It's important, imo, that Alfred choose to stay because of his sense of duty more than some paternal feelings toward Bruce. Otherwise, it kind of make him misogynistic that he abandoned his daughter because of his sense of duty, but stayed with Bruce. Like he couldn't raise a girl, that is biologically his, but he can choose a boy, who isn't. And it's worse to be misogynistic than a bad father figure, imo.
I think Alfreds character suffers either way. The best option if he had a grown up daugther before the waynes or he just sponsored an orphanage and one child just chose to be his. Or he didnt know about the child.
Because him disregarding his children just makes his caracter suffer.
Nah, it's in his character, he never was a good parent, neither to Julia or Bruce, and erasing that suck. It is even spelled out in the comics that the difference between Dick and Bruce is that Dick had Bruce to love him, while Bruce had no one, because Alfred failed him. Alfred failed both Bruce and Julia, in different ways, and his character doesn't suffer from that, because that's his character.

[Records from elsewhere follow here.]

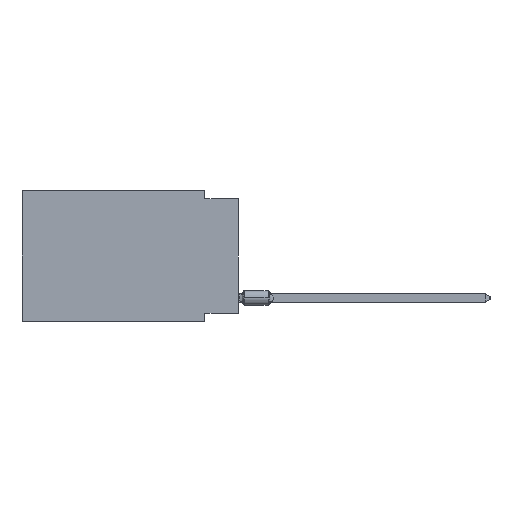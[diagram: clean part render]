
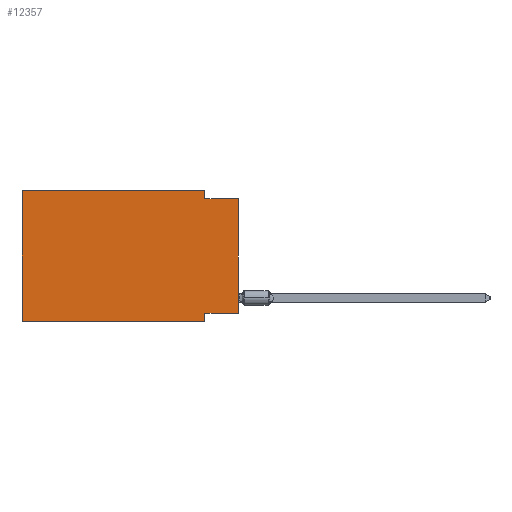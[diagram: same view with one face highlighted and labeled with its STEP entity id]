
A CAD part, left-side view. The second image highlights one B-rep face of the part: STEP entity #12357.
In plain terms, the highlighted planar face has unit normal (-1, 0, 0).
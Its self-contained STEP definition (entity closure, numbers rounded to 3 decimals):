
#1002 = CARTESIAN_POINT ( 'NONE',  ( 0., 16.383, 0. ) ) ;
#1072 = LINE ( 'NONE', #30923, #3034 ) ;
#2150 = EDGE_CURVE ( 'NONE', #48102, #42608, #41756, .T. ) ;
#2545 = EDGE_CURVE ( 'NONE', #43932, #21964, #25301, .T. ) ;
#3034 = VECTOR ( 'NONE', #38989, 1000. ) ;
#3117 = ORIENTED_EDGE ( 'NONE', *, *, #15784, .T. ) ;
#3332 = DIRECTION ( 'NONE',  ( 0., 0., 1. ) ) ;
#3725 = VERTEX_POINT ( 'NONE', #32902 ) ;
#3809 = CARTESIAN_POINT ( 'NONE',  ( 0., 2.54, -9.906 ) ) ;
#4197 = EDGE_CURVE ( 'NONE', #42608, #47362, #34530, .T. ) ;
#5114 = VECTOR ( 'NONE', #20191, 1000. ) ;
#5316 = VECTOR ( 'NONE', #25830, 1000. ) ;
#5984 = EDGE_CURVE ( 'NONE', #48102, #29991, #1072, .T. ) ;
#6266 = CARTESIAN_POINT ( 'NONE',  ( 0., 0., -9.271 ) ) ;
#6830 = PLANE ( 'NONE',  #26029 ) ;
#7322 = FACE_OUTER_BOUND ( 'NONE', #16964, .T. ) ;
#8204 = EDGE_CURVE ( 'NONE', #34440, #29991, #37816, .T. ) ;
#8557 = CARTESIAN_POINT ( 'NONE',  ( 0., 2.54, -9.906 ) ) ;
#10442 = CARTESIAN_POINT ( 'NONE',  ( 0., 16.383, 0. ) ) ;
#11814 = ORIENTED_EDGE ( 'NONE', *, *, #24085, .F. ) ;
#12357 = ADVANCED_FACE ( 'NONE', ( #7322 ), #6830, .F. ) ;
#12390 = ORIENTED_EDGE ( 'NONE', *, *, #17916, .F. ) ;
#14008 = ORIENTED_EDGE ( 'NONE', *, *, #5984, .T. ) ;
#14664 = DIRECTION ( 'NONE',  ( 0., 0., -1. ) ) ;
#15784 = EDGE_CURVE ( 'NONE', #3725, #21964, #18023, .T. ) ;
#16964 = EDGE_LOOP ( 'NONE', ( #3117, #18906, #11814, #27915, #40877, #14008, #36049, #12390 ) ) ;
#17916 = EDGE_CURVE ( 'NONE', #3725, #34440, #47380, .T. ) ;
#18023 = LINE ( 'NONE', #32947, #23966 ) ;
#18906 = ORIENTED_EDGE ( 'NONE', *, *, #2545, .F. ) ;
#18987 = DIRECTION ( 'NONE',  ( 0., 0., -1. ) ) ;
#19242 = CARTESIAN_POINT ( 'NONE',  ( 0., 16.383, 0. ) ) ;
#20191 = DIRECTION ( 'NONE',  ( 0., 0., 1. ) ) ;
#21964 = VERTEX_POINT ( 'NONE', #38649 ) ;
#22044 = CARTESIAN_POINT ( 'NONE',  ( 0., 2.54, 0. ) ) ;
#23966 = VECTOR ( 'NONE', #3332, 1000. ) ;
#24022 = DIRECTION ( 'NONE',  ( 0., 0., -1. ) ) ;
#24085 = EDGE_CURVE ( 'NONE', #47362, #43932, #45600, .T. ) ;
#25301 = LINE ( 'NONE', #38197, #38720 ) ;
#25424 = CARTESIAN_POINT ( 'NONE',  ( 0., 16.383, 0. ) ) ;
#25830 = DIRECTION ( 'NONE',  ( 0., 1., 0. ) ) ;
#26029 = AXIS2_PLACEMENT_3D ( 'NONE', #25424, #26161, #14664 ) ;
#26161 = DIRECTION ( 'NONE',  ( 1., 0., 0. ) ) ;
#27915 = ORIENTED_EDGE ( 'NONE', *, *, #4197, .F. ) ;
#29991 = VERTEX_POINT ( 'NONE', #8557 ) ;
#30858 = DIRECTION ( 'NONE',  ( 0., -1., 0. ) ) ;
#30923 = CARTESIAN_POINT ( 'NONE',  ( 0., 16.383, -9.906 ) ) ;
#32902 = CARTESIAN_POINT ( 'NONE',  ( 0., 0., -9.271 ) ) ;
#32947 = CARTESIAN_POINT ( 'NONE',  ( 0., 0., 0. ) ) ;
#34440 = VERTEX_POINT ( 'NONE', #39774 ) ;
#34530 = LINE ( 'NONE', #1002, #45156 ) ;
#36049 = ORIENTED_EDGE ( 'NONE', *, *, #8204, .F. ) ;
#37040 = DIRECTION ( 'NONE',  ( 0., -1., 0. ) ) ;
#37193 = VECTOR ( 'NONE', #24022, 1000. ) ;
#37816 = LINE ( 'NONE', #3809, #46960 ) ;
#38197 = CARTESIAN_POINT ( 'NONE',  ( 0., 0., -0.635 ) ) ;
#38566 = CARTESIAN_POINT ( 'NONE',  ( 0., 2.54, -0.635 ) ) ;
#38649 = CARTESIAN_POINT ( 'NONE',  ( 0., 0., -0.635 ) ) ;
#38720 = VECTOR ( 'NONE', #37040, 1000. ) ;
#38989 = DIRECTION ( 'NONE',  ( 0., -1., 0. ) ) ;
#39774 = CARTESIAN_POINT ( 'NONE',  ( 0., 2.54, -9.271 ) ) ;
#40877 = ORIENTED_EDGE ( 'NONE', *, *, #2150, .F. ) ;
#41756 = LINE ( 'NONE', #19242, #5114 ) ;
#42608 = VERTEX_POINT ( 'NONE', #10442 ) ;
#42636 = CARTESIAN_POINT ( 'NONE',  ( 0., 2.54, 0. ) ) ;
#43932 = VERTEX_POINT ( 'NONE', #38566 ) ;
#45156 = VECTOR ( 'NONE', #30858, 1000. ) ;
#45600 = LINE ( 'NONE', #42636, #37193 ) ;
#46960 = VECTOR ( 'NONE', #18987, 1000. ) ;
#47008 = CARTESIAN_POINT ( 'NONE',  ( 0., 16.383, -9.906 ) ) ;
#47362 = VERTEX_POINT ( 'NONE', #22044 ) ;
#47380 = LINE ( 'NONE', #6266, #5316 ) ;
#48102 = VERTEX_POINT ( 'NONE', #47008 ) ;

For reminder, Alfred has once be portrayed paying actors to play the Waynes' murder and to beat up Batman once he was destabilized by his ptsd from the re-enactment. He also tends to leave Bruce when Bruce is suffering the most. He also has drugged Bruce without his consent, sometimes through his food, and he threatens Bruce to do it again, leading to Bruce being wary of eating Alfred's food (and he already doesn't eat a lot).
Canonically, in the current continuity (before Alfred died), Alfred also had no real relationship with Julia, apart from the dna they share. Even in Absolute Batman, where Alfred never became a butler and stayed in the military, even tho he worries about his daughter, they still don't share anything at all and she has cut contact with him. He doesn't have any relationship with Julia at all, making him to be present during her childhood would make his character suffers because it's the total opposite of who he is actually: an absence father with no real interest to learn to know his daughter as a person.